Purpose: Previous work suggests that interleukin-6 (IL-6) signaling via both classical and transsignaling pathways may be important for retinal ganglion cell survival (RGC) in glaucoma. Here we evaluate the possibility that IL-6 transsignaling is mediated by cleavage of membrane-bound IL-6 receptor alpha (IL-6Rα) by metalloproteinases ADAM10 and ADAM17.

Methods: Using immunolabeling and immunoblotting, we examined the expression and localization patterns of ADAM10 and ADAM17 in whole eye paraffin sections and protein lysates from glaucomatous DBA/2 and control C57 mice. We then perfomred co-localization studies to compare expression and localization patterns of ADAM10 and ADAM17 and their potential target, IL-6Rα. Cell type-specific markers were used to confirm retinal ganglion cell (β-tubulin), rod bipolar cell (PKCα) and Muller glial cell (glutamine synthetase) identities.

Results: We found that both ADAM10 & ADAM17 are expressed in healthy and glaucomatous retina, where they localize to multiple layers. Co-immunolabeling revealed that ADAM10 and ADAM17 are primarily expressed by RGCs, which also express IL-6Rα. Quantification of ADAM10 and ADAM17 expression in the ganglion cell and nerve fiber layers of retina revealed that while ADAM10 expression did not change significantly with age (p > 0.05) or IOP (p > 0.05), elevated IOP increased ADAM17 expression by up to 55% (p = 0.03). There was no age-related increase in ADAM17 expression (p > 0.05).
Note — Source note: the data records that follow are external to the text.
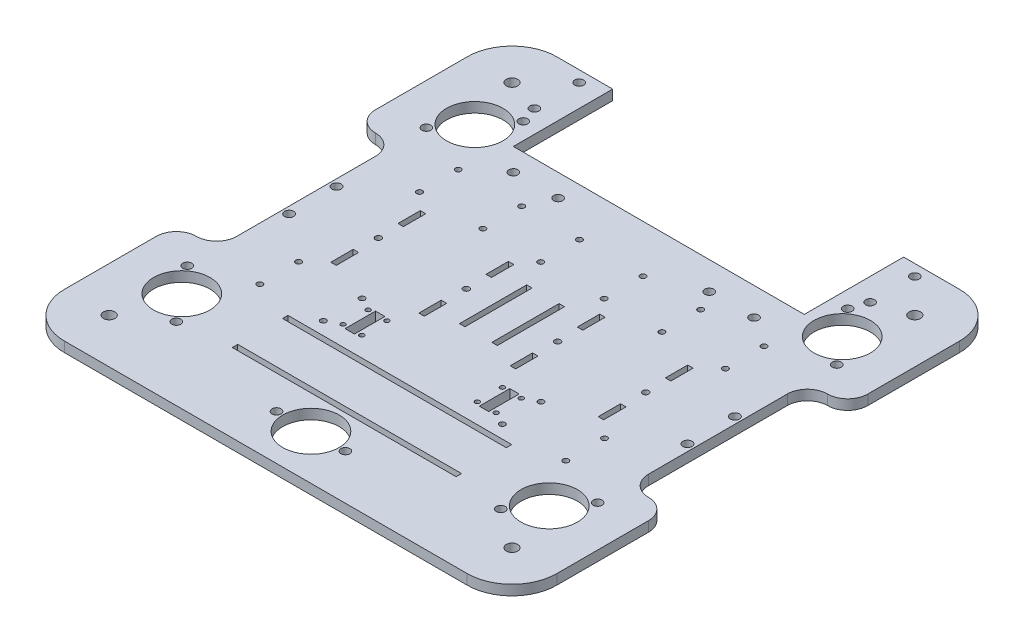
from build123d import *

# Parameters (mm, degrees)
SKETCH1_W                              = 279.4
SKETCH1_H                              = 279.4
BOSS_EXTRUDE1_DEPTH                    = 5.715
TAPE_SENSOR_CUTOUTS_CUT_EXTRUDE1_REACH = 199.648
SKETCH2_R                              = 1.2999974
SKETCH2_W                              = 5.334
SKETCH2_H                              = 17.272
CUT_EXTRUDE2_REACH                     = 199.648
SKETCH4_W                              = 22.86
SKETCH4_H                              = 101.6
FILLET1_START                          = -1
FILLET1_DEPTH                          = 8
FILLET1_2_DEPTH                        = 5.715
CUT_EXTRUDE3_REACH                     = 199.648
SKETCH5_W                              = 3.0988
SKETCH5_H                              = 12.7
CUT_EXTRUDE4_REACH                     = 199.648
SKETCH6_R                              = 3.2639
FILLET2_R                              = 25.4
CUT_EXTRUDE5_REACH                     = 199.648
SKETCH7_W                              = 165.1
SKETCH7_H                              = 56.388
F_6_0_204_DIAMETER_HOLE1_D             = 5.1816
M3_CLEARANCE_HOLE2_D                   = 3.4
CUT_EXTRUDE6_REACH                     = 199.648
SKETCH15_R                             = 2.54
SKETCH15_R_2                           = 16
SKETCH15_R_3                           = 16.000000004
CUT_EXTRUDE7_REACH                     = 199.648
SKETCH16_W                             = 3.0988
SKETCH16_H                             = 38.1
SKETCH19_R                             = 2.54
CUT_EXTRUDE8_DEPTH                     = 198.648276555
SKETCH20_R                             = 1.60655
SKETCH20_R_2                           = 1.59512
CUT_EXTRUDE9_DEPTH                     = 198.648276555
SKETCH25_W                             = 127
SKETCH25_H                             = 3.0988
CUT_EXTRUDE10_DEPTH                    = 198.648276555


with BuildPart() as part:
    # Sketch1 → Boss-Extrude1 (new body)
    with BuildSketch(Plane(origin=(0, 0, 0), x_dir=(1, 0, 0), z_dir=(0, 1, 0))):
        Rectangle(SKETCH1_W, SKETCH1_H)
    extrude(amount=BOSS_EXTRUDE1_DEPTH)

    # Sketch2 → TAPE_SENSOR_CUTOUTS_Cut-Extrude1 (cut, up to next)
    with BuildSketch(Plane(origin=(0, 5.715, 0), x_dir=(1, 0, 0), z_dir=(0, 1, 0)), mode=Mode.PRIVATE) as tape_sensor_cutouts_cut_extrude1_sk1:
        with Locations(Location((-43.434, -38.227, 0), (0, 0, 270))):
            Circle(SKETCH2_R)
    tape_sensor_cutouts_cut_extrude1_tool1 = extrude(tape_sensor_cutouts_cut_extrude1_sk1.sketch, amount=-TAPE_SENSOR_CUTOUTS_CUT_EXTRUDE1_REACH, mode=Mode.PRIVATE) & part.part
    # Sketch2 → TAPE_SENSOR_CUTOUTS_Cut-Extrude1 (cut, up to next)
    with BuildSketch(Plane(origin=(0, 5.715, 0), x_dir=(1, 0, 0), z_dir=(0, 1, 0)), mode=Mode.PRIVATE) as tape_sensor_cutouts_cut_extrude1_sk2:
        with Locations(Location((-32.766, -38.227, 0), (0, 0, 270))):
            Circle(SKETCH2_R)
    tape_sensor_cutouts_cut_extrude1_tool2 = extrude(tape_sensor_cutouts_cut_extrude1_sk2.sketch, amount=-TAPE_SENSOR_CUTOUTS_CUT_EXTRUDE1_REACH, mode=Mode.PRIVATE) & part.part
    # Sketch2 → TAPE_SENSOR_CUTOUTS_Cut-Extrude1 (cut, up to next)
    with BuildSketch(Plane(origin=(0, 5.715, 0), x_dir=(1, 0, 0), z_dir=(0, 1, 0)), mode=Mode.PRIVATE) as tape_sensor_cutouts_cut_extrude1_sk3:
        with Locations(Location((-32.766, -52.451, 0), (0, 0, 270))):
            Circle(SKETCH2_R)
    tape_sensor_cutouts_cut_extrude1_tool3 = extrude(tape_sensor_cutouts_cut_extrude1_sk3.sketch, amount=-TAPE_SENSOR_CUTOUTS_CUT_EXTRUDE1_REACH, mode=Mode.PRIVATE) & part.part
    # Sketch2 → TAPE_SENSOR_CUTOUTS_Cut-Extrude1 (cut, up to next)
    with BuildSketch(Plane(origin=(0, 5.715, 0), x_dir=(1, 0, 0), z_dir=(0, 1, 0)), mode=Mode.PRIVATE) as tape_sensor_cutouts_cut_extrude1_sk4:
        with Locations(Location((-43.434, -52.451, 0), (0, 0, 270))):
            Circle(SKETCH2_R)
    tape_sensor_cutouts_cut_extrude1_tool4 = extrude(tape_sensor_cutouts_cut_extrude1_sk4.sketch, amount=-TAPE_SENSOR_CUTOUTS_CUT_EXTRUDE1_REACH, mode=Mode.PRIVATE) & part.part
    # Sketch2 → TAPE_SENSOR_CUTOUTS_Cut-Extrude1 (cut, up to next)
    with BuildSketch(Plane(origin=(0, 5.715, 0), x_dir=(1, 0, 0), z_dir=(0, 1, 0)), mode=Mode.PRIVATE) as tape_sensor_cutouts_cut_extrude1_sk5:
        with Locations(Location((43.434, -52.451, 0), (0, 0, 270))):
            Circle(SKETCH2_R)
    tape_sensor_cutouts_cut_extrude1_tool5 = extrude(tape_sensor_cutouts_cut_extrude1_sk5.sketch, amount=-TAPE_SENSOR_CUTOUTS_CUT_EXTRUDE1_REACH, mode=Mode.PRIVATE) & part.part
    # Sketch2 → TAPE_SENSOR_CUTOUTS_Cut-Extrude1 (cut, up to next)
    with BuildSketch(Plane(origin=(0, 5.715, 0), x_dir=(1, 0, 0), z_dir=(0, 1, 0)), mode=Mode.PRIVATE) as tape_sensor_cutouts_cut_extrude1_sk6:
        with Locations(Location((32.766, -52.451, 0), (0, 0, 270))):
            Circle(SKETCH2_R)
    tape_sensor_cutouts_cut_extrude1_tool6 = extrude(tape_sensor_cutouts_cut_extrude1_sk6.sketch, amount=-TAPE_SENSOR_CUTOUTS_CUT_EXTRUDE1_REACH, mode=Mode.PRIVATE) & part.part
    # Sketch2 → TAPE_SENSOR_CUTOUTS_Cut-Extrude1 (cut, up to next)
    with BuildSketch(Plane(origin=(0, 5.715, 0), x_dir=(1, 0, 0), z_dir=(0, 1, 0)), mode=Mode.PRIVATE) as tape_sensor_cutouts_cut_extrude1_sk7:
        with Locations(Location((32.766, -38.227, 0), (0, 0, 270))):
            Circle(SKETCH2_R)
    tape_sensor_cutouts_cut_extrude1_tool7 = extrude(tape_sensor_cutouts_cut_extrude1_sk7.sketch, amount=-TAPE_SENSOR_CUTOUTS_CUT_EXTRUDE1_REACH, mode=Mode.PRIVATE) & part.part
    # Sketch2 → TAPE_SENSOR_CUTOUTS_Cut-Extrude1 (cut, up to next)
    with BuildSketch(Plane(origin=(0, 5.715, 0), x_dir=(1, 0, 0), z_dir=(0, 1, 0)), mode=Mode.PRIVATE) as tape_sensor_cutouts_cut_extrude1_sk8:
        with Locations(Location((43.434, -38.227, 0), (0, 0, 270))):
            Circle(SKETCH2_R)
    tape_sensor_cutouts_cut_extrude1_tool8 = extrude(tape_sensor_cutouts_cut_extrude1_sk8.sketch, amount=-TAPE_SENSOR_CUTOUTS_CUT_EXTRUDE1_REACH, mode=Mode.PRIVATE) & part.part
    # Sketch2 → TAPE_SENSOR_CUTOUTS_Cut-Extrude1 (cut, up to next)
    with BuildSketch(Plane(origin=(0, 5.715, 0), x_dir=(1, 0, 0), z_dir=(0, 1, 0)), mode=Mode.PRIVATE) as tape_sensor_cutouts_cut_extrude1_sk9:
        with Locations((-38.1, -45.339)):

Conclusions: Our data suggests that the necessary machinery (ADAM 10 & ADAM 17) is present in RGCs to cleave existing membrane-bound IL-6Rα into soluble IL-6R. Interestingly, elevated IOP only altered the expression ADAM17 by RGCs. This suggests that ADAM17, in particular, may be a mechanism for the induction of IL-6 transsignaling in glaucoma.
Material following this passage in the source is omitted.